Several observations are hard to combine with the SMT. Differences in maximal lifetimes between animals suggest that aging is under genomic control. Moreover, ARDs show many mutual similarities, in particular, a key initiating role for inflammation, not only after infection but also after distortion of homeostasis. For cancer, the immune system can both stimulate and inhibit cancer. Moreover, aging and cancer are ubiquitous in most organs and, on a higher level, in most species as well, whereas one expects that during evolution selection would have removed aging and cancer.

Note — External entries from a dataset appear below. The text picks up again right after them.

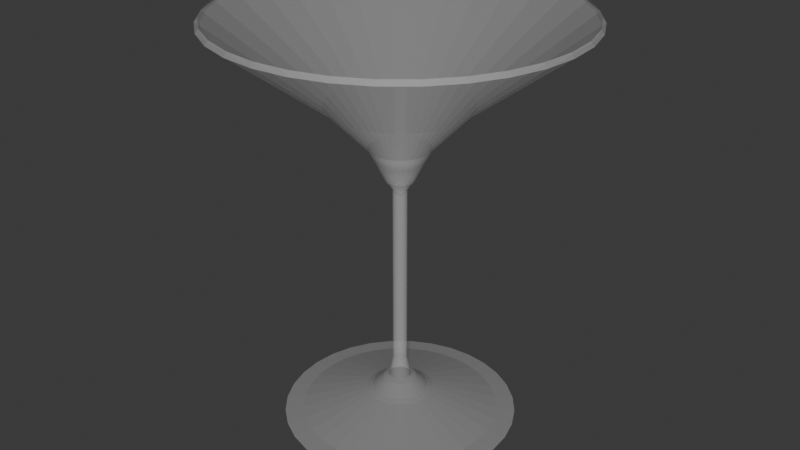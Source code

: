 # Source: martini_glas.blend  (saved by Blender 4.3.34; exported with 4.5.12 LTS)
import bpy
from mathutils import Matrix  # noqa: F401  (used for matrix-valued properties, if any)

bpy.ops.wm.read_factory_settings(use_empty=True)
scene = bpy.context.scene
scene.name = 'Scene'

# ---- materials (node trees are filled in below, after node groups)
mat_material_001 = bpy.data.materials.new('Material.001')

# ---- material node trees
mat_material_001.use_nodes = True; mat_material_001.node_tree.nodes.clear()
_N = mat_material_001.node_tree.nodes; _L = mat_material_001.node_tree.links
n0 = _N.new('ShaderNodeBsdfPrincipled'); n0.name = 'Principled BSDF'; n0.location = (10, 300)
n0.inputs[2].default_value = 0.0
n0.inputs[4].default_value = 0.2417
n1 = _N.new('ShaderNodeOutputMaterial'); n1.name = 'Material Output'; n1.location = (300, 300)
_L.new(n0.outputs[0], n1.inputs[0])
n1.is_active_output = True

# ---- world
world_world = bpy.data.worlds.new('World'); scene.world = world_world
world_world.use_nodes = True; world_world.node_tree.nodes.clear()
_N = world_world.node_tree.nodes; _L = world_world.node_tree.links
n0 = _N.new('ShaderNodeOutputWorld'); n0.name = 'World Output'; n0.location = (300, 300)
n1 = _N.new('ShaderNodeBackground'); n1.name = 'Background'; n1.location = (10, 300)
n1.inputs[0].default_value = (0.05088, 0.05088, 0.05088, 1.0)
_L.new(n1.outputs[0], n0.inputs[0])
n0.is_active_output = True
world_world.color = (0.05088, 0.05088, 0.05088)
world_world.sun_shadow_jitter_overblur = 0.0

# ---- meshes
me_circle = bpy.data.meshes.new('Circle')
me_circle.from_pydata([(-0.0007788, 0.003915, 0.01374), (-9.507e-10, 0.003992, 0.01374), (-0.001528, 0.003688, 0.01374), (-0.002218, 0.003319, 0.01374), (-0.002823, 0.002823, 0.01374), (-0.003319, 0.002218, 0.01374), (-0.003688, 0.001528, 0.01374), (-0.003915, 0.0007788, 0.01374), (-0.003992, -9.492e-10, 0.01374), (-0.003915, -0.0007788, 0.01374), (-0.003688, -0.001528, 0.01374), (-0.003319, -0.002218, 0.01374), (-0.002823, -0.002823, 0.01374), (-0.002218, -0.003319, 0.01374), (-0.001528, -0.003688, 0.01374), (-0.0007788, -0.003915, 0.01374), (9.477e-10, -0.003992, 0.01374), (0.0007788, -0.003915, 0.01374), (0.001528, -0.003688, 0.01374), (0.002218, -0.003319, 0.01374), (0.002823, -0.002823, 0.01374), (0.003319, -0.002218, 0.01374), (0.003688, -0.001528, 0.01374), (0.003915, -0.0007788, 0.01374), (0.003992, 9.492e-10, 0.01374), (0.003915, 0.0007788, 0.01374), (0.003688, 0.001528, 0.01374), (0.003319, 0.002218, 0.01374), (0.002823, 0.002823, 0.01374), (0.002218, 0.003319, 0.01374), (0.001528, 0.003688, 0.01374), (0.0007788, 0.003915, 0.01374), (-0.008305, 0.04175, 0.0), (1.397e-10, 0.04257, 0.0), (-0.01629, 0.03933, 0.0), (-0.02365, 0.0354, 0.0), (-0.0301, 0.0301, 0.0), (-0.0354, 0.02365, 0.0), (-0.03933, 0.01629, 0.0), (-0.04175, 0.008305, 0.0), (-0.04257, 2.962e-10, 0.0), (-0.04175, -0.008305, 0.0), (-0.03933, -0.01629, 0.0), (-0.0354, -0.02365, 0.0), (-0.0301, -0.0301, 0.0), (-0.02365, -0.0354, 0.0), (-0.01629, -0.03933, 0.0), (-0.008305, -0.04175, 0.0), (1.397e-10, -0.04257, 0.0), (0.008305, -0.04175, 0.0), (0.01629, -0.03933, 0.0), (0.02365, -0.0354, 0.0), (0.0301, -0.0301, 0.0), (0.0354, -0.02365, 0.0), (0.03933, -0.01629, 0.0), (0.04175, -0.008305, 0.0), (0.04257, 2.962e-10, 0.0), (0.04175, 0.008305, 0.0), (0.03933, 0.01629, 0.0), (0.0354, 0.02365, 0.0), (0.0301, 0.0301, 0.0), (0.02365, 0.0354, 0.0), (0.01629, 0.03933, 0.0), (0.008305, 0.04175, 0.0), (-0.006979, 0.03509, 0.0009015), (0.0, 0.03577, 0.0009015), (-0.01369, 0.03305, 0.0009015), (-0.01987, 0.02974, 0.0009015), (-0.0253, 0.0253, 0.0009015), (-0.02974, 0.01987, 0.0009015), (-0.03305, 0.01369, 0.0009015), (-0.03509, 0.006979, 0.0009015), (-0.03577, 0.0, 0.0009015), (-0.03509, -0.006979, 0.0009015), (-0.03305, -0.01369, 0.0009015), (-0.02974, -0.01987, 0.0009015), (-0.0253, -0.0253, 0.0009015), (-0.01987, -0.02974, 0.0009015), (-0.01369, -0.03305, 0.0009015), (-0.006979, -0.03509, 0.0009015), (0.0, -0.03577, 0.0009015), (0.006979, -0.03509, 0.0009015), (0.01369, -0.03305, 0.0009015), (0.01987, -0.02974, 0.0009015), (0.0253, -0.0253, 0.0009015), (0.02974, -0.01987, 0.0009015), (0.03305, -0.01369, 0.0009015), (0.03509, -0.006979, 0.0009015), (0.03577, 0.0, 0.0009015), (0.03509, 0.006979, 0.0009015), (0.03305, 0.01369, 0.0009015), (0.02974, 0.01987, 0.0009015), (0.0253, 0.0253, 0.0009015), (0.01987, 0.02974, 0.0009015), (0.01369, 0.03305, 0.0009015), (0.006979, 0.03509, 0.0009015), (-0.002372, 0.01192, 0.008195), (0.0, 0.01216, 0.008195), (-0.004653, 0.01123, 0.008195), (-0.006754, 0.01011, 0.008195), (-0.008597, 0.008597, 0.008195), (-0.01011, 0.006754, 0.008195), (-0.01123, 0.004653, 0.008195), (-0.01192, 0.002372, 0.008195), (-0.01216, 0.0, 0.008195), (-0.01192, -0.002372, 0.008195), (-0.01123, -0.004653, 0.008195), (-0.01011, -0.006754, 0.008195), (-0.008597, -0.008597, 0.008195), (-0.006754, -0.01011, 0.008195), (-0.004653, -0.01123, 0.008195), (-0.002372, -0.01192, 0.008195), (0.0, -0.01216, 0.008195), (0.002372, -0.01192, 0.008195), (0.004653, -0.01123, 0.008195), (0.006754, -0.01011, 0.008195), (0.008597, -0.008597, 0.008195), (0.01011, -0.006754, 0.008195), (0.01123, -0.004653, 0.008195), (0.01192, -0.002372, 0.008195), (0.01216, 0.0, 0.008195), (0.01192, 0.002372, 0.008195), (0.01123, 0.004653, 0.008195), (0.01011, 0.006754, 0.008195), (0.008597, 0.008597, 0.008195), (0.006754, 0.01011, 0.008195), (0.004653, 0.01123, 0.008195), (0.002372, 0.01192, 0.008195), (-0.001948, 0.009791, 0.009288), (-1.954e-10, 0.009983, 0.009288), (-0.00382, 0.009223, 0.009288), (-0.005546, 0.0083, 0.009288), (-0.007059, 0.007059, 0.009288), (-0.0083, 0.005546, 0.009288), (-0.009223, 0.00382, 0.009288), (-0.009791, 0.001948, 0.009288), (-0.009983, -1.954e-10, 0.009288), (-0.009791, -0.001948, 0.009288), (-0.009223, -0.00382, 0.009288), (-0.0083, -0.005546, 0.009288), (-0.007059, -0.007059, 0.009288), (-0.005546, -0.0083, 0.009288), (-0.00382, -0.009223, 0.009288), (-0.001948, -0.009791, 0.009288), (1.954e-10, -0.009983, 0.009288), (0.001948, -0.009791, 0.009288), (0.00382, -0.009223, 0.009288), (0.005546, -0.0083, 0.009288), (0.007059, -0.007059, 0.009288), (0.0083, -0.005546, 0.009288), (0.009223, -0.00382, 0.009288), (0.009791, -0.001948, 0.009288), (0.009983, 1.954e-10, 0.009288), (0.009791, 0.001948, 0.009288), (0.009223, 0.00382, 0.009288), (0.0083, 0.005546, 0.009288), (0.007059, 0.007059, 0.009288), (0.005546, 0.0083, 0.009288), (0.00382, 0.009223, 0.009288), (0.001948, 0.009791, 0.009288), (-0.00157, 0.007891, 0.01109), (-4.709e-10, 0.008046, 0.01109), (-0.003079, 0.007434, 0.01109), (-0.00447, 0.00669, 0.01109), (-0.005689, 0.005689, 0.01109), (-0.00669, 0.00447, 0.01109), (-0.007434, 0.003079, 0.01109), (-0.007891, 0.00157, 0.01109), (-0.008046, -4.709e-10, 0.01109), (-0.007891, -0.00157, 0.01109), (-0.007434, -0.003079, 0.01109), (-0.00669, -0.00447, 0.01109), (-0.005689, -0.005689, 0.01109), (-0.00447, -0.00669, 0.01109), (-0.003079, -0.007434, 0.01109), (-0.00157, -0.007891, 0.01109), (4.709e-10, -0.008046, 0.01109), (0.00157, -0.007891, 0.01109), (0.003079, -0.007434, 0.01109), (0.00447, -0.00669, 0.01109), (0.005689, -0.005689, 0.01109), (0.00669, -0.00447, 0.01109), (0.007434, -0.003079, 0.01109), (0.007891, -0.00157, 0.01109), (0.008046, 4.709e-10, 0.01109), (0.007891, 0.00157, 0.01109), (0.007434, 0.003079, 0.01109), (0.00669, 0.00447, 0.01109), (0.005689, 0.005689, 0.01109), (0.00447, 0.00669, 0.01109), (0.003079, 0.007434, 0.01109), (0.00157, 0.007891, 0.01109), (-0.001165, 0.005857, 0.01291), (-8.902e-10, 0.005972, 0.01291), (-0.002285, 0.005517, 0.01291), (-0.003318, 0.004965, 0.01291), (-0.004223, 0.004223, 0.01291), (-0.004965, 0.003318, 0.01291), (-0.005517, 0.002285, 0.01291), (-0.005857, 0.001165, 0.01291), (-0.005972, -8.902e-10, 0.01291), (-0.005857, -0.001165, 0.01291), (-0.005517, -0.002285, 0.01291), (-0.004965, -0.003318, 0.01291), (-0.004223, -0.004223, 0.01291), (-0.003318, -0.004965, 0.01291), (-0.002285, -0.005517, 0.01291), (-0.001165, -0.005857, 0.01291), (8.902e-10, -0.005972, 0.01291), (0.001165, -0.005857, 0.01291), (0.002285, -0.005517, 0.01291), (0.003318, -0.004965, 0.01291), (0.004223, -0.004223, 0.01291), (0.004965, -0.003318, 0.01291), (0.005517, -0.002285, 0.01291), (0.005857, -0.001165, 0.01291), (0.005972, 8.902e-10, 0.01291), (0.005857, 0.001165, 0.01291), (0.005517, 0.002285, 0.01291), (0.004965, 0.003318, 0.01291), (0.004223, 0.004223, 0.01291), (0.003318, 0.004965, 0.01291), (0.002285, 0.005517, 0.01291), (0.001165, 0.005857, 0.01291), (-0.0004998, 0.002513, 0.02103), (-6.508e-10, 0.002562, 0.02103), (-0.0009805, 0.002367, 0.02103), (-0.001423, 0.00213, 0.02103), (-0.001812, 0.001812, 0.02103), (-0.00213, 0.001423, 0.02103), (-0.002367, 0.0009805, 0.02103), (-0.002513, 0.0004998, 0.02103), (-0.002562, -6.092e-10, 0.02103), (-0.002513, -0.0004998, 0.02103), (-0.002367, -0.0009805, 0.02103), (-0.00213, -0.001423, 0.02103), (-0.001812, -0.001812, 0.02103), (-0.001423, -0.00213, 0.02103), (-0.0009805, -0.002367, 0.02103), (-0.0004998, -0.002513, 0.02103), (5.677e-10, -0.002562, 0.02103), (0.0004998, -0.002513, 0.02103), (0.0009805, -0.002367, 0.02103), (0.001423, -0.00213, 0.02103), (0.001812, -0.001812, 0.02103), (0.00213, -0.001423, 0.02103), (0.002367, -0.0009805, 0.02103), (0.002513, -0.0004998, 0.02103), (0.002562, 6.092e-10, 0.02103), (0.002513, 0.0004998, 0.02103), (0.002367, 0.0009805, 0.02103), (0.00213, 0.001423, 0.02103), (0.001812, 0.001812, 0.02103), (0.001423, 0.00213, 0.02103), (0.0009805, 0.002367, 0.02103), (0.0004998, 0.002513, 0.02103), (-0.0004998, 0.002513, 0.0505), (-1.236e-09, 0.002562, 0.0505), (-0.0009805, 0.002367, 0.0505), (-0.001423, 0.00213, 0.0505), (-0.001812, 0.001812, 0.0505), (-0.00213, 0.001423, 0.0505), (-0.002367, 0.0009805, 0.0505), (-0.002513, 0.0004998, 0.0505), (-0.002562, -6.092e-10, 0.0505), (-0.002513, -0.0004998, 0.0505), (-0.002367, -0.0009805, 0.0505), (-0.00213, -0.001423, 0.0505), (-0.001812, -0.001812, 0.0505), (-0.001423, -0.00213, 0.0505), (-0.0009805, -0.002367, 0.0505), (-0.0004998, -0.002513, 0.0505), (-1.755e-11, -0.002562, 0.0505), (0.0004998, -0.002513, 0.0505), (0.0009805, -0.002367, 0.0505), (0.001423, -0.00213, 0.0505), (0.001812, -0.001812, 0.0505), (0.00213, -0.001423, 0.0505), (0.002367, -0.0009805, 0.0505), (0.002513, -0.0004998, 0.0505), (0.002562, 6.092e-10, 0.0505), (0.002513, 0.0004998, 0.0505), (0.002367, 0.0009805, 0.0505), (0.00213, 0.001423, 0.0505), (0.001812, 0.001812, 0.0505), (0.001423, 0.00213, 0.0505), (0.0009805, 0.002367, 0.0505), (0.0004998, 0.002513, 0.0505), (-0.0004998, 0.002513, 0.06925), (-4.661e-09, 0.002562, 0.06925), (-0.0009805, 0.002367, 0.06925), (-0.001423, 0.00213, 0.06925), (-0.001812, 0.001812, 0.06925), (-0.00213, 0.001423, 0.06925), (-0.002367, 0.0009805, 0.06925), (-0.002513, 0.0004998, 0.06925), (-0.002562, -6.092e-10, 0.06925), (-0.002513, -0.0004998, 0.06925), (-0.002367, -0.0009805, 0.06925), (-0.00213, -0.001423, 0.06925), (-0.001812, -0.001812, 0.06925), (-0.001423, -0.00213, 0.06925), (-0.0009805, -0.002367, 0.06925), (-0.0004998, -0.002513, 0.06925), (-3.442e-09, -0.002562, 0.06925), (0.0004998, -0.002513, 0.06925), (0.0009805, -0.002367, 0.06925), (0.001423, -0.00213, 0.06925), (0.001812, -0.001812, 0.06925), (0.00213, -0.001423, 0.06925), (0.002367, -0.0009805, 0.06925), (0.002513, -0.0004998, 0.06925), (0.002562, 6.092e-10, 0.06925), (0.002513, 0.0004998, 0.06925), (0.002367, 0.0009805, 0.06925), (0.00213, 0.001423, 0.06925), (0.001812, 0.001812, 0.06925), (0.001423, 0.00213, 0.06925), (0.0009805, 0.002367, 0.06925), (0.0004998, 0.002513, 0.06925), (-0.01223, 0.06149, 0.1497), (-1.192e-08, 0.06269, 0.1497), (-0.02399, 0.05792, 0.1497), (-0.03483, 0.05213, 0.1497), (-0.04433, 0.04433, 0.1497), (-0.05213, 0.03483, 0.1497), (-0.05792, 0.02399, 0.1497), (-0.06149, 0.01223, 0.1497), (-0.06269, -1.454e-08, 0.1497), (-0.06149, -0.01223, 0.1497), (-0.05792, -0.02399, 0.1497), (-0.05213, -0.03483, 0.1497), (-0.04433, -0.04433, 0.1497), (-0.03483, -0.05213, 0.1497), (-0.02399, -0.05792, 0.1497), (-0.01223, -0.06149, 0.1497), (1.79e-08, -0.06269, 0.1497), (0.01223, -0.06149, 0.1497), (0.02399, -0.05792, 0.1497), (0.03483, -0.05213, 0.1497), (0.04433, -0.04433, 0.1497), (0.05213, -0.03483, 0.1497), (0.05792, -0.02399, 0.1497), (0.06149, -0.01223, 0.1497), (0.06269, 1.527e-08, 0.1497), (0.06149, 0.01223, 0.1497), (0.05792, 0.02399, 0.1497), (0.05213, 0.03483, 0.1497), (0.04433, 0.04433, 0.1497), (0.03483, 0.05213, 0.1497), (0.02399, 0.05792, 0.1497), (0.01223, 0.06149, 0.1497), (0.0004998, 0.002513, 0.08949), (0.0009805, 0.002367, 0.08949), (0.001423, 0.00213, 0.08949), (0.001812, 0.001812, 0.08949), (0.00213, 0.001423, 0.08949), (0.002367, 0.0009805, 0.08949), (0.002513, 0.0004998, 0.08949), (0.002562, 6.092e-10, 0.08949), (0.002513, -0.0004998, 0.08949), (0.002367, -0.0009805, 0.08949), (0.00213, -0.001423, 0.08949), (0.001812, -0.001812, 0.08949), (0.001423, -0.00213, 0.08949), (0.0009805, -0.002367, 0.08949), (0.0004998, -0.002513, 0.08949), (-3.442e-09, -0.002562, 0.08949), (-0.0004998, -0.002513, 0.08949), (-0.0009805, -0.002367, 0.08949), (-0.001423, -0.00213, 0.08949), (-0.001812, -0.001812, 0.08949), (-0.00213, -0.001423, 0.08949), (-0.002367, -0.0009805, 0.08949), (-0.002513, -0.0004998, 0.08949), (-0.002562, -6.092e-10, 0.08949), (-0.002513, 0.0004998, 0.08949), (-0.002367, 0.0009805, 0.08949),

These and other discrepancies and contradictions with the SMT were motivation to search for a new explanation for aging and cancer, and to formulate the Unified Cancer & Aging Adaptation (UCAA), presented in two studies: Cancer is an adaptation that selects in animals against energy dissipation (2017) and Aging is an adaptation that selects in animals against disruption of homeostasis (2018), both published in Medical Hypotheses. In the UCAA, aging and cancer, although obviously detrimental to the individual organism, give a benefit to the species.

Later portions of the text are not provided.